The first regular broadcasts started on 1 September at 6:30pm. The first advertisement seen was for Johnson's Pledge furniture polish. Also lined up for its first night were Macleans toothpaste, Brylcreem hairdressing cream and Dubonnet wine, as well as commercials for Dutch companies. A variety of imported programmes from the United States and the United Kingdom aired on the channel, among them The Invisible Man, Danger Man, The Adventures of Robin Hood, The Saint, Supercar, Mister Ed, The Bob Cummings Show, My Three Sons, Victory at Sea, Ben Casey and The Adventures of Rin-Tin-Tin. These series were acquired by American general manager Joe Brandel. Commercials were shot on 16mm film and were inserted in the copies of the foreign programmes from the distributors, before being sent to the island. There were also plans to start a studio in Amsterdam with videotaping facilities.

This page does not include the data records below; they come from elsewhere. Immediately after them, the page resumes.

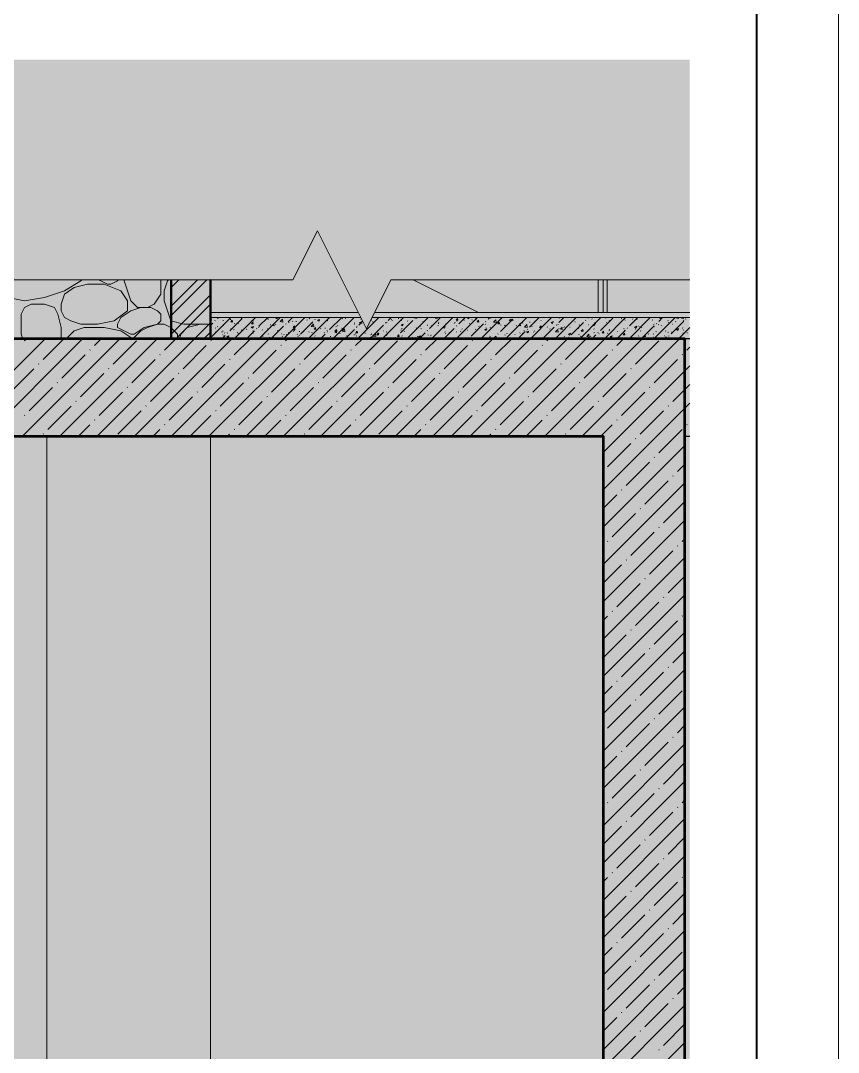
# Model space of a CAD drawing. Header units: millimetres. Extents: x -81576 to 1046824, y -248937 to 691537.
# Drawn here: x 33491 to 38489, y 629719 to 636024 of the extents above; entities that cross this region are included whole.
import ezdxf

# ---------------------------------------------------------------- set-up
doc = ezdxf.new("R2010")
doc.units = ezdxf.units.MM
doc.layers.add('PDF _Геометрия', color=7, linetype='Continuous', true_color=0x1d1d1d)
doc.layers.add('PDF _Сплошная заливка', color=7, linetype='Continuous', true_color=0xffffff)

msp = doc.modelspace()

# ---------------------------------------------------------------- hatches: boundary and pattern name
at = {"layer": 'PDF _Сплошная заливка', "true_color": 0x636466, "transparency": 33554559}
for points in [[(35604.4, 634139.9), (35754.4, 634439.9), (37580.6, 634439.9), (37580.6, 635785), (32487.8, 635785), (32487.8, 634439.9), (35154.4, 634439.9), (35304.4, 634739.9), (35569.5, 634209.9)], [(22435.8, 634079.9), (34651.1, 634079.9), (34651.1, 634439.9), (29821.1, 634439.9), (29671.1, 634139.9), (29371.1, 634739.9), (29221.1, 634439.9), (23887.8, 634439.9), (23737.8, 634139.9), (23437.8, 634739.9), (23287.8, 634439.9), (22151.1, 634439.9), (22151.1, 634079.9)], [(37072.8, 634239.9), (37076.1, 634239.9), (37075.5, 634439.9), (37051.1, 634439.9), (37051.1, 634239.9), (37063.6, 634239.9)], [(35304.4, 634079.9), (37580.6, 634079.9), (37580.6, 634209.9), (35639.4, 634209.9), (35604.4, 634139.9), (35569.5, 634209.9), (34651.1, 634209.9), (34651.1, 634079.9)]]:
    msp.add_hatch(color=251, dxfattribs=at).paths.add_polyline_path(points)
h = msp.add_hatch(color=251, dxfattribs=at)
h.paths.add_polyline_path([(37580.6, 618839.9), (37580.6, 625099.9), (37551.1, 625099.9), (37551.1, 618839.9)], flags=0)
h.paths.add_polyline_path([(34891.1, 619039.9), (34891.1, 623299.9), (37051.1, 623299.9), (37051.1, 625099.9), (34651.1, 625099.9), (34651.1, 619039.9)], flags=0)
h.paths.add_polyline_path([(37051.1, 625579.9), (37051.1, 633484.4), (34651.1, 633484.4), (34651.1, 625579.9)], flags=0)
h.paths.add_polyline_path([(37580.6, 625839.9), (37580.6, 633485), (37551.1, 633485), (37551.1, 625839.9)], flags=0)
h.paths.add_polyline_path([(37076.1, 634239.9), (37580.6, 634239.9), (37580.6, 634439.9), (37076.1, 634439.9)], flags=0)
h.paths.add_polyline_path([(34651.1, 634239.9), (35554.5, 634239.9), (35309.2, 634730.5), (35301.6, 634734.3), (35154.4, 634439.9), (34651.1, 634439.9)], flags=0)
h.paths.add_polyline_path([(35821.1, 634239.9), (36290.3, 634239.9), (35890.2, 634439.9), (35754.4, 634439.9), (35654.4, 634239.9), (35754.4, 634239.9)], flags=0)
h = msp.add_hatch(color=251, dxfattribs=at)
h.paths.add_polyline_path([(37551.1, 617839.9), (37551.1, 634079.9), (22151.1, 634079.9), (22151.1, 634439.9), (21651.8, 634439.9), (21651.8, 632439.9), (22151.1, 632439.9), (22151.1, 633484.4), (37051.1, 633484.4), (37051.1, 618839.9), (33791.1, 618839.9), (33791.1, 619409.9), (33161.1, 619409.9), (33161.1, 619809.9), (32561.1, 619809.9), (32561.1, 620209.9), (31961.1, 620209.9), (31961.1, 620609.9), (31361.1, 620609.9), (31361.1, 621009.9), (30761.1, 621009.9), (30761.1, 621409.9), (30161.1, 621409.9), (30161.1, 621809.9), (29561.1, 621809.9), (29561.1, 622209.9), (28961.1, 622209.9), (28961.1, 622609.9), (28361.1, 622609.9), (28361.1, 623009.9), (27761.1, 623009.9), (27761.1, 623409.9), (27161.1, 623409.9), (27161.1, 623809.9), (26561.1, 623809.9), (26561.1, 624209.9), (25961.1, 624209.9), (25961.1, 624609.9), (25361.1, 624609.9), (25361.1, 625009.9), (24791.1, 625009.9), (24791.1, 625439.9), (24191.1, 625439.9), (24191.1, 625579.9), (22151.1, 625579.9), (22151.1, 625839.9), (21651.1, 625839.9), (21651.1, 618839.9), (20831.1, 618839.9), (20831.1, 617839.9), (37051.1, 617839.9)], flags=0)
h.paths.add_polyline_path([(33191.1, 618839.9), (22151.1, 618839.9), (22151.1, 625099.9), (24085.3, 625099.9), (33191.1, 619029.3), (33191.1, 618999.5)], flags=0)
h = msp.add_hatch(color=251, dxfattribs=at)
h.paths.add_polyline_path([(35754.4, 634209.9), (37580.6, 634209.9), (37580.6, 634239.9), (35654.4, 634239.9), (35639.4, 634209.9)], flags=0)
h.paths.add_polyline_path([(35304.4, 634209.9), (35569.5, 634209.9), (35554.5, 634239.9), (34651.1, 634239.9), (34651.1, 634209.9)], flags=0)
h = msp.add_hatch(color=251, dxfattribs=at)
h.paths.add_polyline_path([(33153.9, 619039.9), (33175.3, 619039.9), (28651.1, 622056), (28651.1, 622041.7), (32911.1, 619201.7)], flags=0)
h.paths.add_polyline_path([(33505.1, 619409.9), (33651.1, 619409.9), (33651.1, 621109.2), (33511.1, 621202.5), (33511.1, 619439.9), (33471.1, 619439.9), (33471.1, 621229.2), (32911.1, 621602.5), (32911.1, 619839.9), (32871.1, 619839.9), (32871.1, 621629.2), (32311.1, 622002.5), (32311.1, 620239.9), (32271.1, 620239.9), (32271.1, 622029.2), (31711.1, 622402.5), (31711.1, 620639.9), (31671.1, 620639.9), (31671.1, 622429.2), (31111.1, 622802.5), (31111.1, 621039.9), (31071.1, 621039.9), (31071.1, 622829.2), (30511.1, 623202.5), (30511.1, 621439.9), (30471.1, 621439.9), (30471.1, 623229.2), (29911.1, 623602.5), (29911.1, 621839.9), (29871.1, 621839.9), (29871.1, 623629.2), (29311.1, 624002.5), (29311.1, 622239.9), (29271.1, 622239.9), (29271.1, 624029.2), (28711.1, 624402.5), (28711.1, 622639.9), (28671.1, 622639.9), (28671.1, 624429.2), (28651.1, 624442.5), (28651.1, 622609.9), (28961.1, 622609.9), (28961.1, 622209.9), (29561.1, 622209.9), (29561.1, 621809.9), (30161.1, 621809.9), (30161.1, 621409.9), (30761.1, 621409.9), (30761.1, 621009.9), (31361.1, 621009.9), (31361.1, 620609.9), (31961.1, 620609.9), (31961.1, 620209.9), (32561.1, 620209.9), (32561.1, 619809.9), (33161.1, 619809.9), (33161.1, 619409.9), (33477.1, 619409.9)], flags=0)
h.paths.add_polyline_path([(33651.1, 621157.3), (33651.1, 633484.4), (28651.1, 633484.4), (28651.1, 624490.6), (33511.1, 621250.6)], flags=0)
h.paths.add_polyline_path([(27651.1, 622708.4), (27651.1, 622722.7), (24085.3, 625099.9), (22651.1, 625099.9), (22651.1, 625095.1), (24071.1, 625095.1), (27511.1, 622801.7)], flags=0)
h.paths.add_polyline_path([(27505.1, 623409.9), (27651.1, 623409.9), (27651.1, 625109.2), (27511.1, 625202.5), (27511.1, 623439.9), (27471.1, 623439.9), (27471.1, 625229.2), (26911.1, 625602.5), (26911.1, 623839.9), (26871.1, 623839.9), (26871.1, 625629.2), (26311.1, 626002.5), (26311.1, 624239.9), (26271.1, 624239.9), (26271.1, 626029.2), (25711.1, 626402.5), (25711.1, 624639.9), (25671.1, 624639.9), (25671.1, 626429.2), (25111.1, 626802.5), (25111.1, 625039.9), (25071.1, 625039.9), (25071.1, 626829.2), (24511.1, 627202.5), (24511.1, 625439.9), (24791.1, 625439.9), (24791.1, 625009.9), (25361.1, 625009.9), (25361.1, 624609.9), (25961.1, 624609.9), (25961.1, 624209.9), (26561.1, 624209.9), (26561.1, 623809.9), (27161.1, 623809.9), (27161.1, 623409.9), (27477.1, 623409.9)], flags=0)
h.paths.add_polyline_path([(27651.1, 625157.2), (27649.9, 633484.4), (22651.1, 633484.4), (22651.1, 625839.9), (23871.1, 625839.9), (23870.4, 627629.6), (23580, 627823.2), (23602.2, 627856.5), (27511.1, 625250.6)], flags=0)
h.paths.add_polyline_path([(24191.1, 625439.9), (24471.1, 625439.9), (24471.1, 627229.2), (23911.1, 627602.5), (23911.1, 625839.9), (24191.1, 625839.9), (24191.1, 625579.9)], flags=0)
h = msp.add_hatch(color=251, dxfattribs=at)
h.paths.add_polyline_path([(34651.1, 619039.9), (34651.1, 633484.4), (33651.1, 633484.4), (33651.1, 621157.3), (34102.2, 620856.5), (34097.8, 620849.9), (34120.1, 620849.9), (34120.1, 619039.9)], flags=0)
h.paths.add_polyline_path([(33791.1, 619039.9), (34040.1, 619039.9), (34040.1, 620849.9), (33651.1, 621109.2), (33651.1, 619409.9), (33791.1, 619409.9)], flags=0)

# ---------------------------------------------------------------- linework, layer by layer
at = {"layer": 'PDF _Геометрия', "color": 7, "lineweight": 20}
msp.add_lwpolyline([(38489.1, 689395.2), (38489.1, 605295.1), (-80411, 605295.1), (-80411, 689395.2)], close=True, dxfattribs=at)
at = {"layer": 'PDF _Геометрия', "color": 7, "lineweight": 40}
msp.add_lwpolyline([(37989.1, 688895.2), (37989.1, 605795.1), (-78411, 605795.1), (-78411, 688895.2)], close=True, dxfattribs=at)
at = {"layer": 'PDF _Геометрия', "color": 7, "lineweight": 9}
for points in [[(20813.9, 634439.9), (23287.8, 634439.9), (23437.8, 634739.9), (23737.8, 634139.9), (23887.8, 634439.9), (26554.4, 634439.9), (29221.1, 634439.9), (29371.1, 634739.9), (29671.1, 634139.9), (29821.1, 634439.9), (32487.8, 634439.9), (35154.4, 634439.9), (35304.4, 634739.9), (35604.4, 634139.9), (35754.4, 634439.9), (37580.6, 634439.9)], [(37021.1, 634439.9), (37021.1, 634239.9), (37051.1, 634239.9), (37051.1, 634439.9)], [(37076.1, 634439.9), (37076.1, 634239.9), (37072.8, 634239.9), (37063.6, 634239.9), (37051.1, 634239.9)], [(35554.5, 634239.9), (34651.1, 634239.9), (34651.1, 634209.9), (34651.1, 634079.9), (37580.6, 634079.9)], [(37580.6, 634239.9), (35654.4, 634239.9)], [(35569.5, 634209.9), (34651.1, 634209.9)], [(37580.6, 634209.9), (35639.4, 634209.9)], [(34651.1, 633484.4), (34651.1, 619039.9)]]:
    msp.add_lwpolyline(points, dxfattribs=at)
at = {"layer": 'PDF _Геометрия', "color": 7, "lineweight": 53}
for points in [[(21651.8, 634439.9), (21651.8, 632439.9), (22151.1, 632439.9), (22151.1, 633484.4), (37051.1, 633484.4), (37051.1, 618839.9)], [(37551.1, 617839.9), (37551.1, 634079.9), (22151.1, 634079.9), (22151.1, 634439.9)]]:
    msp.add_lwpolyline(points, dxfattribs=at)
at = {"layer": 'PDF _Геометрия', "color": 7, "lineweight": 50}
for points in [[(34411.1, 634439.9), (34411.1, 634079.9), (34651.1, 634079.9), (34651.1, 634439.9), (34651.1, 634079.9), (22151.1, 634079.9), (22151.1, 634439.9), (22151.1, 634079.9)], [(37051.1, 633450.2), (37051.1, 618839.9), (33791.1, 618839.9)], [(37580.6, 625579.9), (37551.1, 625579.9), (37551.1, 633450.2)]]:
    msp.add_lwpolyline(points, dxfattribs=at)
at = {"layer": 'PDF _Геометрия', "color": 250, "lineweight": 9, "true_color": 0x2c2c2c}
for points in [[(33859.6, 634433), (33758, 634372)], [(33864.8, 634439.9), (33859.6, 634433)], [(33967.5, 634439.9), (33981.5, 634433), (34022.1, 634412.7), (34042.4, 634412.7)], [(34083.1, 634433), (34042.4, 634412.7)], [(34086.6, 634439.9), (34083.1, 634433)], [(34306.5, 634290.8), (34265.9, 634270.5), (34205, 634270.5), (34164.3, 634311.1), (34144, 634372), (34123.7, 634433), (34122, 634439.9)], [(34347.2, 634439.9), (34347.2, 634433), (34347.2, 634351.7), (34306.5, 634290.8)], [(34387.8, 634433), (34367.5, 634372), (34367.5, 634311.1), (34387.8, 634250.1), (34408.1, 634189.2), (34489.4, 634168.9), (34631.6, 634168.9), (34651.1, 634168.9), (34590.9, 634168.9), (34509.7, 634148.6)], [(34387.8, 634433), (34394.8, 634439.9)], [(34411.1, 634279.8), (34571.2, 634439.9)], [(34411.1, 634393.9), (34457.2, 634439.9)], [(34411.1, 634222.8), (34628.2, 634439.9)], [(33758, 634372), (33636.1, 634331.4)], [(33758, 634209.5), (33737.7, 634250.1), (33737.7, 634290.8), (33758, 634351.7), (33819, 634392.3)], [(33819, 634392.3), (33900.2, 634412.7)], [(33900.2, 634412.7), (34001.8, 634412.7), (34103.4, 634372), (34144, 634311.1), (34144, 634250.1), (34062.8, 634189.2)], [(33514.2, 634311.1), (33412.7, 634331.4)], [(33636.1, 634331.4), (33514.2, 634311.1)], [(34411.1, 634108.8), (34651.1, 634348.8)], [(33717.4, 634229.8), (33697.1, 634270.5), (33636.1, 634290.8), (33554.9, 634290.8), (33514.2, 634270.5), (33493.9, 634229.8), (33493.9, 634107.9), (33503.3, 634079.9)], [(34326.8, 634168.9), (34347.2, 634189.2), (34347.2, 634229.8), (34326.8, 634250.1), (34286.2, 634270.5), (34225.3, 634270.5), (34164.3, 634250.1), (34103.4, 634209.5), (34083.1, 634168.9), (34083.1, 634148.6), (34123.7, 634128.2), (34164.3, 634107.9), (34184.6, 634107.9), (34245.6, 634148.6), (34326.9, 634168.9)], [(34369.3, 634009.9), (34439.3, 634079.9), (34651.1, 634291.8)], [(33737.7, 634087.6), (33737.7, 634148.6), (33717.4, 634229.8)], [(33758, 634209.5), (33798.7, 634189.2)], [(33798.7, 634189.2), (33859.6, 634168.9), (33961.2, 634168.9), (34062.8, 634189.2)], [(33957.8, 633484.4), (34553.3, 634079.9), (34651.1, 634177.7)], [(34651.1, 634086.1), (34775, 634209.9)], [(34651.1, 634198.8), (34655.7, 634204.3)], [(34651.1, 634193.7), (34657.8, 634193.1)], [(34651.1, 634161.5), (34665.6, 634176)], [(34657.8, 634193.1), (34655.7, 634204.3)], [(34678.2, 634188.6), (34680.7, 634191.1)], [(34693.2, 634203.7), (34699.5, 634209.9)], [(34727.6, 634190.7), (34730.9, 634191.2)], [(34768.7, 634128.2), (34844.1, 634203.7)], [(34772.1, 634196.6), (34775.4, 634197)], [(34785.3, 634182), (34774.7, 634182.9), (34783.2, 634193.1)], [(34785.3, 634182), (34783.2, 634193.1)], [(34795.8, 634079.9), (34925.8, 634209.9)], [(34797.9, 634172.6), (34800.4, 634170.3)], [(34820.6, 634173.9), (34823.3, 634175.9)], [(34839.4, 634205.4), (34842.7, 634205.9)], [(34901.6, 634190.4), (34904.1, 634188.1)], [(34912.8, 634170.8), (34902.2, 634171.7), (34910.8, 634182)], [(34912.8, 634170.8), (34910.8, 634182)], [(34911.9, 634186.4), (34914.6, 634188.4)], [(34946.7, 634079.9), (35076.7, 634209.9)], [(34947.2, 634155.9), (35001.2, 634209.9)], [(35001.7, 634197.8), (35004.4, 634199.8)], [(35005.3, 634208.2), (35007.7, 634205.9)], [(35040.4, 634159.7), (35029.7, 634160.6), (35038.3, 634170.8)], [(35040.4, 634159.7), (35038.3, 634170.8)], [(35059.2, 634201.9), (35050.3, 634207.9), (35055.6, 634209.9)], [(35059.2, 634201.9), (35061.8, 634209.9)], [(35092.7, 634182), (35076.9, 634184.4), (35090.7, 634198.9)], [(35092.7, 634182), (35090.7, 634198.9)], [(35097.6, 634079.9), (35227.6, 634209.9)], [(35110.6, 634168.5), (35113.2, 634171)], [(35125.7, 634183.5), (35152.1, 634209.9)], [(35129.1, 634179.6), (35132.4, 634180)], [(35151.6, 634187), (35154, 634184.7)], [(35173.6, 634185.5), (35176.9, 634185.9)], [(35201.2, 634108.1), (35276.6, 634183.5)], [(35240.9, 634194.3), (35244.2, 634194.8)], [(35248.4, 634079.9), (35378.4, 634209.9)], [(35255.3, 634204.8), (35257.7, 634202.5)], [(35273, 634175.8), (35275.7, 634177.9)], [(35289.2, 634196.1), (35291.7, 634198.6)], [(35314.7, 634187.7), (35305.8, 634193.6), (35318.3, 634198.4)], [(35314.7, 634187.7), (35318.3, 634198.4)], [(35353.2, 634209.1), (35356.5, 634209.6)], [(35365.4, 634189.2), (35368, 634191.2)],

The effects of the 1958 Geneva Convention led to the nullification of the island's operational abilities. The Senate on 1 December passed on a law forbidding the island from operating its radio and television services, while, in a last-ditch effort to survive, a new company called TROS was created and on 12 December, the station was shut down to comply with the new legislation. With these events, viewers had cut the number of television channels available from three to two; those two being owned by the complex Dutch public broadcasting system. Commercials on television were legalised in 1967 when Ster made its first commercial break; while commercial television didn't kick off until 1989, with the failed launch of TV10 and the successful launch of RTL Veronique - which in 1990 absorbed some of TV10's would-be assets to the rebrand of the channel as RTL 4.